EXERCISE DESCRIPTION: Find and return every line of the data that contains the word "HIGHER".

SUPPLIED MATERIAL:
|---|

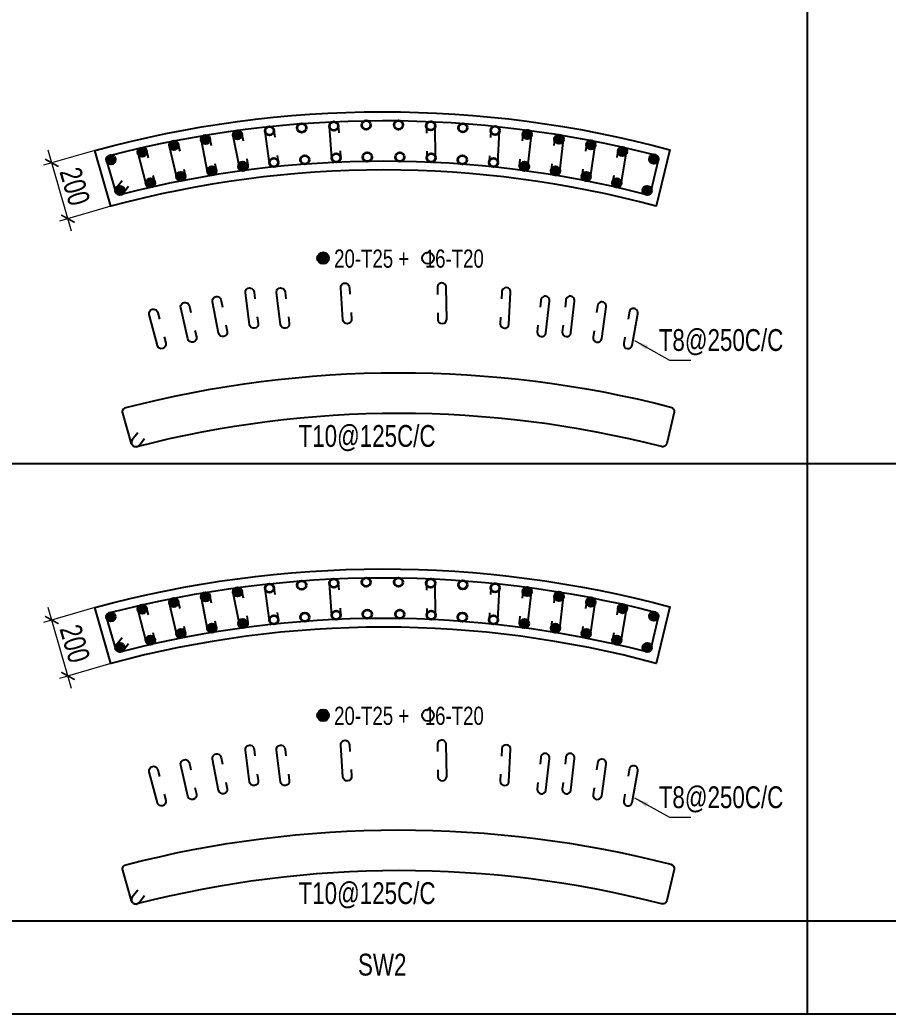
# Model space of a CAD drawing. Header units: millimetres. Extents: x 356 to 40629, y 2473 to 64837.
# Drawn here: x 27803 to 30788, y 2473 to 5891 of the extents above; entities that cross this region are included whole.
import ezdxf

# ---------------------------------------------------------------- set-up
doc = ezdxf.new("R2010")
doc.units = ezdxf.units.MM
for name, color, linetype in [('-S-HIGHER DIA REINF.', 3, 'Continuous'), ('S-TIES', 3, 'Continuous'), ('STR-RC WALL', 4, 'Continuous'), ('TABLE', 11, 'Continuous'), ('Ties', 3, 'Continuous'), ('TXT1', 4, 'Continuous')]:
    doc.layers.add(name, color=color, linetype=linetype)
for name, color, linetype, lineweight in [('S-COLUMN', 6, 'Continuous', 9), ('STR-COL-DIM', 8, 'Continuous', 18), ('T-COLUMN REINF.', 3, 'Continuous', 35), ('TEXT', 4, 'Continuous', 20)]:
    doc.layers.add(name, color=color, linetype=linetype, lineweight=lineweight)
doc.styles.add('EL', font='swisscl.ttf')
doc.styles.add('sobha sed', font='swisscl.ttf')
doc.dimstyles.new('S-30', dxfattribs={"dimscale": 30, "dimtxt": 2.5, "dimasz": 1.25, "dimexe": 1, "dimexo": 0, "dimgap": 0.5, "dimtad": 1, "dimdec": 0, "dimrnd": 0.0005, "dimzin": 0, "dimdsep": 46, "dimtxsty": 'EL', "dimblk": 'ARCHTICK', "dimcen": 0.09, "dimdle": 1.5, "dimclrd": 251, "dimclre": 251, "dimclrt": 6, "dimadec": 0, "dimazin": 0, "dimtfac": 1, "dimtdec": 0, "dimtofl": 0, "dimtmove": 0, "dimatfit": 3, "dimfxl": 2, "dimtolj": 1, "dimtzin": 0, "dimlwd": -1, "dimlwe": -1, "dimarcsym": 0})
doc.dimstyles.new('S-40', dxfattribs={"dimscale": 40, "dimtxt": 2.5, "dimasz": 1.25, "dimexe": 1, "dimexo": 0, "dimgap": 0.5, "dimtad": 1, "dimdec": 0, "dimrnd": 0.0005, "dimzin": 0, "dimdsep": 46, "dimtxsty": 'EL', "dimblk": 'ARCHTICK', "dimcen": 0.09, "dimdle": 1.5, "dimclrd": 251, "dimclre": 251, "dimclrt": 6, "dimadec": 0, "dimazin": 0, "dimtfac": 1, "dimtdec": 0, "dimtofl": 0, "dimtmove": 0, "dimatfit": 3, "dimfxl": 2, "dimtolj": 1, "dimtzin": 0, "dimlwd": -1, "dimlwe": -1, "dimarcsym": 0})

# ---------------------------------------------------------------- blocks, each defined once
blk = doc.blocks.new('_ArchTick')
at = {"color": 0, "linetype": 'ByBlock', "const_width": 0.15}
blk.add_lwpolyline([(-0.5, -0.5), (0.5, 0.5)], dxfattribs=at)
blk = doc.blocks.new('*D374')
at = {"layer": 'TEXT', "color": 251, "linetype": 'Continuous', "transparency": 16777216}
for p, q in [((28060.5, 3870.4), (27883.9, 3819.2)), ((27980.9, 3592.2), (27900.2, 3870.8)), ((28116.2, 3678.2), (27939.6, 3627.1))]:
    blk.add_line(p, q, dxfattribs=at)
at = {"layer": 'TEXT', "color": 251, "transparency": 16777216, "xscale": 37.5, "yscale": 37.5, "zscale": 37.5}
for p, rotation in [((27912.8, 3827.6), 106.1571094965545), ((27968.4, 3635.4), 286.1571094965545)]:
    blk.add_blockref('_ArchTick', p, dxfattribs=dict(at, rotation=rotation))
at = {"layer": 'TEXT', "color": 6, "transparency": 16777216, "insert": (27991.9, 3746.4), "char_height": 75, "attachment_point": 5, "rotation": 286.1571, "style": 'EL'}
blk.add_mtext('\\A1;200', dxfattribs=at)
blk = doc.blocks.new('*D411')
at = {"layer": 'TEXT', "color": 251, "linetype": 'Continuous', "transparency": 16777216}
for p, q in [((28060.5, 5442.2), (27883.9, 5391)), ((27980.9, 5164), (27900.2, 5442.6)), ((28116.2, 5250.1), (27939.6, 5198.9))]:
    blk.add_line(p, q, dxfattribs=at)
at = {"layer": 'TEXT', "color": 251, "transparency": 16777216, "xscale": 37.5, "yscale": 37.5, "zscale": 37.5}
for p, rotation in [((27912.8, 5399.4), 106.1571094965545), ((27968.4, 5207.2), 286.1571094965545)]:
    blk.add_blockref('_ArchTick', p, dxfattribs=dict(at, rotation=rotation))
at = {"layer": 'TEXT', "color": 6, "transparency": 16777216, "insert": (27991.9, 5318.2), "char_height": 75, "attachment_point": 5, "rotation": 286.1571, "style": 'EL'}
blk.add_mtext('\\A1;200', dxfattribs=at)
blk = doc.blocks.new('*D420')
at = {"layer": 'TEXT', "color": 251, "linetype": 'Continuous', "transparency": 16777216}
for p, q in [((28060.5, 5442.2), (27883.9, 5391)), ((27980.9, 5164), (27900.2, 5442.6)), ((28116.2, 5250.1), (27939.6, 5198.9))]:
    blk.add_line(p, q, dxfattribs=at)
at = {"layer": 'TEXT', "color": 251, "transparency": 16777216, "xscale": 37.5, "yscale": 37.5, "zscale": 37.5}
for p, rotation in [((27912.8, 5399.4), 106.1571094965545), ((27968.4, 5207.2), 286.1571094965545)]:
    blk.add_blockref('_ArchTick', p, dxfattribs=dict(at, rotation=rotation))
at = {"layer": 'TEXT', "color": 6, "transparency": 16777216, "insert": (27991.9, 5318.2), "char_height": 75, "attachment_point": 5, "rotation": 286.1571, "style": 'EL'}
blk.add_mtext('\\A1;200', dxfattribs=at)

msp = doc.modelspace()

# ---------------------------------------------------------------- hatches: boundary and pattern name
at = {"layer": '-S-HIGHER DIA REINF.'}
h = msp.add_hatch(color=256, dxfattribs=at)
h.dxf.hatch_style = 1
h.paths.add_polyline_path([(28551.8, 5510.9, 1), (28550.9, 5480.9, 1)])
h = msp.add_hatch(color=256, dxfattribs=at)
h.dxf.hatch_style = 1
h.paths.add_polyline_path([(29547.4, 5512.1, 1), (29546.5, 5482.1, 1)])
h = msp.add_hatch(color=256, dxfattribs=at)
h.dxf.hatch_style = 1
h.paths.add_polyline_path([(28332.9, 5474.6, 1), (28332, 5444.6, 1)])
h = msp.add_hatch(color=256, dxfattribs=at)
h.dxf.hatch_style = 1
h.paths.add_polyline_path([(28442.1, 5494.4, 1), (28441.2, 5464.4, 1)])
h = msp.add_hatch(color=256, dxfattribs=at)
h.dxf.hatch_style = 1
h.paths.add_polyline_path([(29657.2, 5495.8, 1), (29656.3, 5465.8, 1)])
h = msp.add_hatch(color=256, dxfattribs=at)
h.dxf.hatch_style = 1
h.paths.add_polyline_path([(29766.3, 5476.4, 1), (29765.4, 5446.4, 1)])
h = msp.add_hatch(color=256, dxfattribs=at)
h.dxf.hatch_style = 1
h.paths.add_polyline_path([(28224.3, 5451.6, 1), (28223.4, 5421.6, 1)])
h = msp.add_hatch(color=256, dxfattribs=at)
h.dxf.hatch_style = 1
h.paths.add_polyline_path([(29881.3, 5451.9, 1), (29867.6, 5425.3, 1)])
h = msp.add_hatch(color=256, dxfattribs=at)
h.dxf.hatch_style = 1
h.paths.add_polyline_path([(28116.1, 5425.4, 1), (28116.1, 5395.4, 1)])
h = msp.add_hatch(color=256, dxfattribs=at)
h.dxf.hatch_style = 1
h.paths.add_polyline_path([(28569.6, 5402.3, 1), (28568.7, 5372.3, 1)])
h = msp.add_hatch(color=256, dxfattribs=at)
h.dxf.hatch_style = 1
h.paths.add_polyline_path([(29538.6, 5402.3, 1), (29537.7, 5372.3, 1)])
h = msp.add_hatch(color=256, dxfattribs=at)
h.dxf.hatch_style = 1
h.paths.add_polyline_path([(29989.6, 5425.7, 1), (29975.1, 5399.5, 1)])
h = msp.add_hatch(color=256, dxfattribs=at)
h.dxf.hatch_style = 1
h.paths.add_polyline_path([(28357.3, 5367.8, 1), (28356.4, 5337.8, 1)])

|---|

WRITTEN REPLY:
for name, color, linetype in [('-S-HIGHER DIA REINF.', 3, 'Continuous'), ('S-TIES', 3, 'Continuous'), ('STR-RC WALL', 4, 'Continuous'), ('TABLE', 11, 'Continuous'), ('Ties', 3, 'Continuous'), ('TXT1', 4, 'Continuous')]:
at = {"layer": '-S-HIGHER DIA REINF.'}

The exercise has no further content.